Released on CRAN 2016-05-26.

This release includes the incorporation of suggestions made by reviewers of the manuscript submitted to Molecular Ecology Resources.

  • added is.het() to identify heterozygotes in a matrix of genotypes.
  • Fixed one-off error in vcfR2DNAbin where a variant one position beyond the locus would attempt to be included but threw an error.
  • Added examples to VCF input and output.
  • Added vcfR_test as lightweight test VCF data.
  • Changed chromR@name to chromR@names for consistency with other R objects.
  • Added AD_frequency calculates allele frequencies from matrices of AD data.
  • read.vcfR() handles VCF data with no GT region (ala LoFreq).

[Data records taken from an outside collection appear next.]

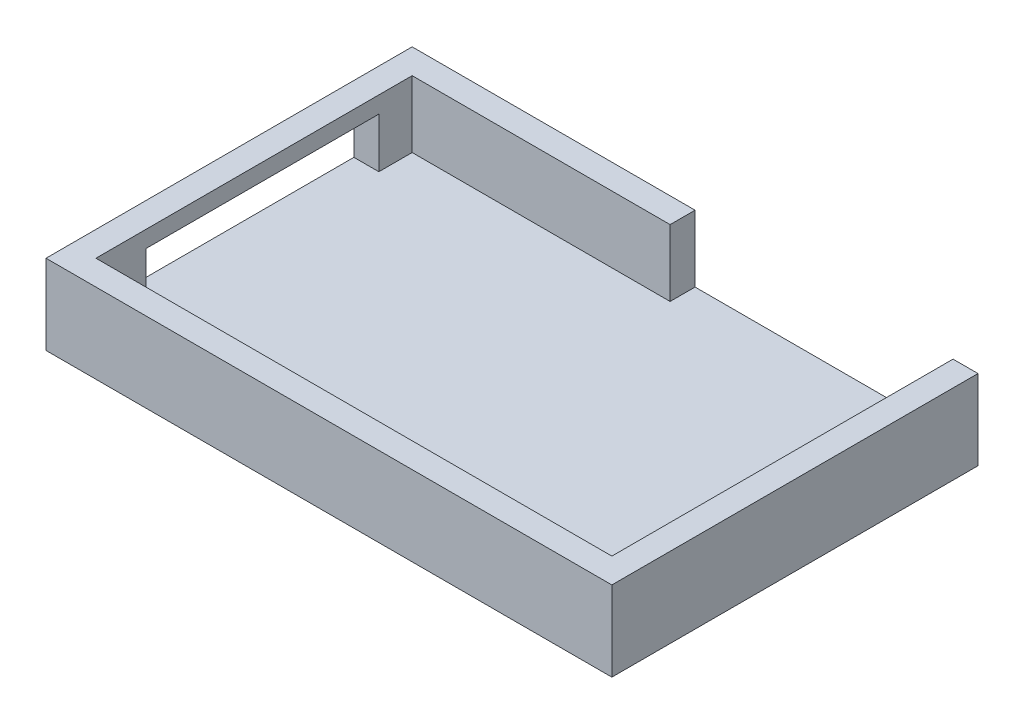
ISO-10303-21;
HEADER;
FILE_DESCRIPTION(('STEP AP214'),'2;1');
FILE_NAME('part.step','',(''),(''),'','','');
FILE_SCHEMA(('AUTOMOTIVE_DESIGN { 1 0 10303 214 1 1 1 1 }'));
ENDSEC;
DATA;
#1=APPLICATION_CONTEXT('core data for automotive mechanical design processes');
#2=APPLICATION_PROTOCOL_DEFINITION('international standard','automotive_design',2000,#1);
#3=PRODUCT_CONTEXT('',#1,'mechanical');
#4=PRODUCT('Part','Part','',(#3));
#5=PRODUCT_RELATED_PRODUCT_CATEGORY('part','',(#4));
#6=PRODUCT_DEFINITION_FORMATION('','',#4);
#7=PRODUCT_DEFINITION_CONTEXT('part definition',#1,'design');
#8=PRODUCT_DEFINITION('design','',#6,#7);
#9=PRODUCT_DEFINITION_SHAPE('','',#8);
#10=(LENGTH_UNIT() NAMED_UNIT(*) SI_UNIT(.MILLI.,.METRE.));
#11=(NAMED_UNIT(*) PLANE_ANGLE_UNIT() SI_UNIT($,.RADIAN.));
#12=(NAMED_UNIT(*) SI_UNIT($,.STERADIAN.) SOLID_ANGLE_UNIT());
#13=UNCERTAINTY_MEASURE_WITH_UNIT(LENGTH_MEASURE(1.E-05),#10,'distance_accuracy_value','');
#14=(GEOMETRIC_REPRESENTATION_CONTEXT(3) GLOBAL_UNCERTAINTY_ASSIGNED_CONTEXT((#13)) GLOBAL_UNIT_ASSIGNED_CONTEXT((#10,
#11,#12)) REPRESENTATION_CONTEXT('',''));
#15=CARTESIAN_POINT('',(0.,0.,0.));
#16=DIRECTION('',(0.,0.,1.));
#17=DIRECTION('',(1.,0.,0.));
#18=AXIS2_PLACEMENT_3D('',#15,#16,#17);
#19=CARTESIAN_POINT('',(85.,4.,55.));
#20=DIRECTION('',(-1.,0.,0.));
#21=DIRECTION('',(0.,0.,1.));
#22=AXIS2_PLACEMENT_3D('',#19,#20,#21);
#23=PLANE('',#22);
#24=DIRECTION('',(0.,0.,-1.));
#25=VECTOR('',#24,1.);
#26=CARTESIAN_POINT('',(85.,0.,55.));
#27=LINE('',#26,#25);
#28=CARTESIAN_POINT('',(85.,0.,55.));
#29=VERTEX_POINT('',#28);
#30=CARTESIAN_POINT('',(85.,0.,-55.));
#31=VERTEX_POINT('',#30);
#32=EDGE_CURVE('E192',#29,#31,#27,.T.);
#33=ORIENTED_EDGE('',*,*,#32,.T.);
#34=DIRECTION('',(0.,-1.,0.));
#35=VECTOR('',#34,1.);
#36=CARTESIAN_POINT('',(85.,4.,-55.));
#37=LINE('',#36,#35);
#38=CARTESIAN_POINT('',(85.,24.,-55.));
#39=VERTEX_POINT('',#38);
#40=EDGE_CURVE('E11',#39,#31,#37,.T.);
#41=ORIENTED_EDGE('',*,*,#40,.F.);
#42=DIRECTION('',(0.,0.,-1.));
#43=VECTOR('',#42,1.);
#44=CARTESIAN_POINT('',(85.,24.,55.));
#45=LINE('',#44,#43);
#46=CARTESIAN_POINT('',(85.,24.,55.));
#47=VERTEX_POINT('',#46);
#48=EDGE_CURVE('E186',#47,#39,#45,.T.);
#49=ORIENTED_EDGE('',*,*,#48,.F.);
#50=DIRECTION('',(0.,-1.,0.));
#51=VECTOR('',#50,1.);
#52=CARTESIAN_POINT('',(85.,4.,55.));
#53=LINE('',#52,#51);
#54=EDGE_CURVE('E201',#47,#29,#53,.T.);
#55=ORIENTED_EDGE('',*,*,#54,.T.);
#56=EDGE_LOOP('',(#33,#41,#49,#55));
#57=FACE_BOUND('',#56,.T.);
#58=ADVANCED_FACE('F36',(#57),#23,.F.);
#59=CARTESIAN_POINT('',(-85.,4.,-55.));
#60=DIRECTION('',(0.,0.,1.));
#61=DIRECTION('',(1.,0.,0.));
#62=AXIS2_PLACEMENT_3D('',#59,#60,#61);
#63=PLANE('',#62);
#64=DIRECTION('',(1.,0.,0.));
#65=VECTOR('',#64,1.);
#66=CARTESIAN_POINT('',(-85.,4.,-55.));
#67=LINE('',#66,#65);
#68=CARTESIAN_POINT('',(0.,4.,-55.));
#69=VERTEX_POINT('',#68);
#70=CARTESIAN_POINT('',(77.5,4.,-55.));
#71=VERTEX_POINT('',#70);
#72=EDGE_CURVE('E229',#69,#71,#67,.T.);
#73=ORIENTED_EDGE('',*,*,#72,.T.);
#74=DIRECTION('',(0.,1.,0.));
#75=VECTOR('',#74,1.);
#76=CARTESIAN_POINT('',(77.5,4.,-55.));
#77=LINE('',#76,#75);
#78=CARTESIAN_POINT('',(77.5,24.,-55.));
#79=VERTEX_POINT('',#78);
#80=EDGE_CURVE('E228',#71,#79,#77,.T.);
#81=ORIENTED_EDGE('',*,*,#80,.T.);
#82=DIRECTION('',(-1.,0.,0.));
#83=VECTOR('',#82,1.);
#84=CARTESIAN_POINT('',(85.,24.,-55.));
#85=LINE('',#84,#83);
#86=EDGE_CURVE('E190',#39,#79,#85,.T.);
#87=ORIENTED_EDGE('',*,*,#86,.F.);
#88=ORIENTED_EDGE('',*,*,#40,.T.);
#89=DIRECTION('',(-1.,0.,0.));
#90=VECTOR('',#89,1.);
#91=CARTESIAN_POINT('',(-85.,0.,-55.));
#92=LINE('',#91,#90);
#93=CARTESIAN_POINT('',(-85.,0.,-55.));
#94=VERTEX_POINT('',#93);
#95=EDGE_CURVE('E195',#31,#94,#92,.T.);
#96=ORIENTED_EDGE('',*,*,#95,.T.);
#97=DIRECTION('',(0.,-1.,0.));
#98=VECTOR('',#97,1.);
#99=CARTESIAN_POINT('',(-85.,4.,-55.));
#100=LINE('',#99,#98);
#101=CARTESIAN_POINT('',(-85.,24.,-55.));
#102=VERTEX_POINT('',#101);
#103=EDGE_CURVE('E43',#102,#94,#100,.T.);
#104=ORIENTED_EDGE('',*,*,#103,.F.);
#105=CARTESIAN_POINT('',(0.,24.,-55.));
#106=VERTEX_POINT('',#105);
#107=EDGE_CURVE('E189',#106,#102,#85,.T.);
#108=ORIENTED_EDGE('',*,*,#107,.F.);
#109=DIRECTION('',(0.,-1.,0.));
#110=VECTOR('',#109,1.);
#111=CARTESIAN_POINT('',(0.,4.,-55.));
#112=LINE('',#111,#110);
#113=EDGE_CURVE('E138',#106,#69,#112,.T.);
#114=ORIENTED_EDGE('',*,*,#113,.T.);
#115=EDGE_LOOP('',(#73,#81,#87,#88,#96,#104,#108,#114));
#116=FACE_BOUND('',#115,.T.);
#117=ADVANCED_FACE('F226',(#116),#63,.F.);
#118=CARTESIAN_POINT('',(-85.,4.,55.));
#119=DIRECTION('',(1.,0.,0.));
#120=DIRECTION('',(0.,0.,-1.));
#121=AXIS2_PLACEMENT_3D('',#118,#119,#120);
#122=PLANE('',#121);
#123=DIRECTION('',(0.,-1.,0.));
#124=VECTOR('',#123,1.);
#125=CARTESIAN_POINT('',(-85.,4.,32.5));
#126=LINE('',#125,#124);
#127=CARTESIAN_POINT('',(-85.,19.,32.5));
#128=VERTEX_POINT('',#127);
#129=CARTESIAN_POINT('',(-85.,4.,32.5));
#130=VERTEX_POINT('',#129);
#131=EDGE_CURVE('E257',#128,#130,#126,.T.);
#132=ORIENTED_EDGE('',*,*,#131,.T.);
#133=DIRECTION('',(0.,0.,-1.));
#134=VECTOR('',#133,1.);
#135=CARTESIAN_POINT('',(-85.,4.,55.));
#136=LINE('',#135,#134);
#137=CARTESIAN_POINT('',(-85.,4.,-37.5));
#138=VERTEX_POINT('',#137);
#139=EDGE_CURVE('E260',#130,#138,#136,.T.);
#140=ORIENTED_EDGE('',*,*,#139,.T.);
#141=DIRECTION('',(0.,1.,0.));
#142=VECTOR('',#141,1.);
#143=CARTESIAN_POINT('',(-85.,4.,-37.5));
#144=LINE('',#143,#142);
#145=CARTESIAN_POINT('',(-85.,19.,-37.5));
#146=VERTEX_POINT('',#145);
#147=EDGE_CURVE('E247',#138,#146,#144,.T.);
#148=ORIENTED_EDGE('',*,*,#147,.T.);
#149=DIRECTION('',(0.,0.,1.));
#150=VECTOR('',#149,1.);
#151=CARTESIAN_POINT('',(-85.,19.,55.));
#152=LINE('',#151,#150);
#153=EDGE_CURVE('E254',#146,#128,#152,.T.);
#154=ORIENTED_EDGE('',*,*,#153,.T.);
#155=EDGE_LOOP('',(#132,#140,#148,#154));
#156=FACE_BOUND('',#155,.T.);
#157=DIRECTION('',(0.,0.,1.));
#158=VECTOR('',#157,1.);
#159=CARTESIAN_POINT('',(-85.,0.,55.));
#160=LINE('',#159,#158);
#161=CARTESIAN_POINT('',(-85.,0.,55.));
#162=VERTEX_POINT('',#161);
#163=EDGE_CURVE('E197',#94,#162,#160,.T.);
#164=ORIENTED_EDGE('',*,*,#163,.T.);
#165=DIRECTION('',(0.,-1.,0.));
#166=VECTOR('',#165,1.);
#167=CARTESIAN_POINT('',(-85.,4.,55.));
#168=LINE('',#167,#166);
#169=CARTESIAN_POINT('',(-85.,24.,55.));
#170=VERTEX_POINT('',#169);
#171=EDGE_CURVE('E204',#170,#162,#168,.T.);
#172=ORIENTED_EDGE('',*,*,#171,.F.);
#173=DIRECTION('',(0.,0.,1.));
#174=VECTOR('',#173,1.);
#175=CARTESIAN_POINT('',(-85.,24.,55.));
#176=LINE('',#175,#174);
#177=EDGE_CURVE('E180',#102,#170,#176,.T.);
#178=ORIENTED_EDGE('',*,*,#177,.F.);
#179=ORIENTED_EDGE('',*,*,#103,.T.);
#180=EDGE_LOOP('',(#164,#172,#178,#179));
#181=FACE_BOUND('',#180,.T.);
#182=ADVANCED_FACE('F211',(#156,#181),#122,.F.);
#183=CARTESIAN_POINT('',(-85.,4.,55.));
#184=DIRECTION('',(0.,0.,-1.));
#185=DIRECTION('',(-1.,0.,0.));
#186=AXIS2_PLACEMENT_3D('',#183,#184,#185);
#187=PLANE('',#186);
#188=DIRECTION('',(1.,0.,0.));
#189=VECTOR('',#188,1.);
#190=CARTESIAN_POINT('',(-85.,0.,55.));
#191=LINE('',#190,#189);
#192=EDGE_CURVE('E199',#162,#29,#191,.T.);
#193=ORIENTED_EDGE('',*,*,#192,.T.);
#194=ORIENTED_EDGE('',*,*,#54,.F.);
#195=DIRECTION('',(1.,0.,0.));
#196=VECTOR('',#195,1.);
#197=CARTESIAN_POINT('',(85.,24.,55.));
#198=LINE('',#197,#196);
#199=EDGE_CURVE('E183',#170,#47,#198,.T.);
#200=ORIENTED_EDGE('',*,*,#199,.F.);
#201=ORIENTED_EDGE('',*,*,#171,.T.);
#202=EDGE_LOOP('',(#193,#194,#200,#201));
#203=FACE_BOUND('',#202,.T.);
#204=ADVANCED_FACE('F218',(#203),#187,.F.);
#205=CARTESIAN_POINT('',(0.,0.,0.));
#206=DIRECTION('',(0.,-1.,0.));
#207=DIRECTION('',(0.,0.,-1.));
#208=AXIS2_PLACEMENT_3D('',#205,#206,#207);
#209=PLANE('',#208);
#210=ORIENTED_EDGE('',*,*,#32,.F.);
#211=ORIENTED_EDGE('',*,*,#192,.F.);
#212=ORIENTED_EDGE('',*,*,#163,.F.);
#213=ORIENTED_EDGE('',*,*,#95,.F.);
#214=EDGE_LOOP('',(#210,#211,#212,#213));
#215=FACE_BOUND('',#214,.T.);
#216=ADVANCED_FACE('F216',(#215),#209,.T.);
#217=CARTESIAN_POINT('',(0.,24.,0.));
#218=DIRECTION('',(0.,1.,0.));
#219=DIRECTION('',(0.,0.,1.));
#220=AXIS2_PLACEMENT_3D('',#217,#218,#219);
#221=PLANE('',#220);
#222=ORIENTED_EDGE('',*,*,#86,.T.);
#223=DIRECTION('',(0.,0.,-1.));
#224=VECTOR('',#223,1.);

  • gt2alleles handles missing data ('.').
  • read.vcfR() checks for and removes carriage returns (Windows).
  • vcfR2DNAbin converts 'NA' to 'n' prior to conversion to DNAbin.
  • chromR2vcfR implements use.mask.
  • extract.gt() converts "." to NA.
  • Added tidyr compatibility - thank you Eric Anderson!
  • write.vcf() now uses mask = TRUE.
  • maf() provides counts and frequency for the minor (or other) allele.
  • create.chromR() now handles instances with no seq and the annotation position exceeds the greatest VCF POS.
  • read.vcfR() now handles tilde expansion.
  • addID() populates the non-missing values in the ID column of VCF data by concatenating the chromosome and position.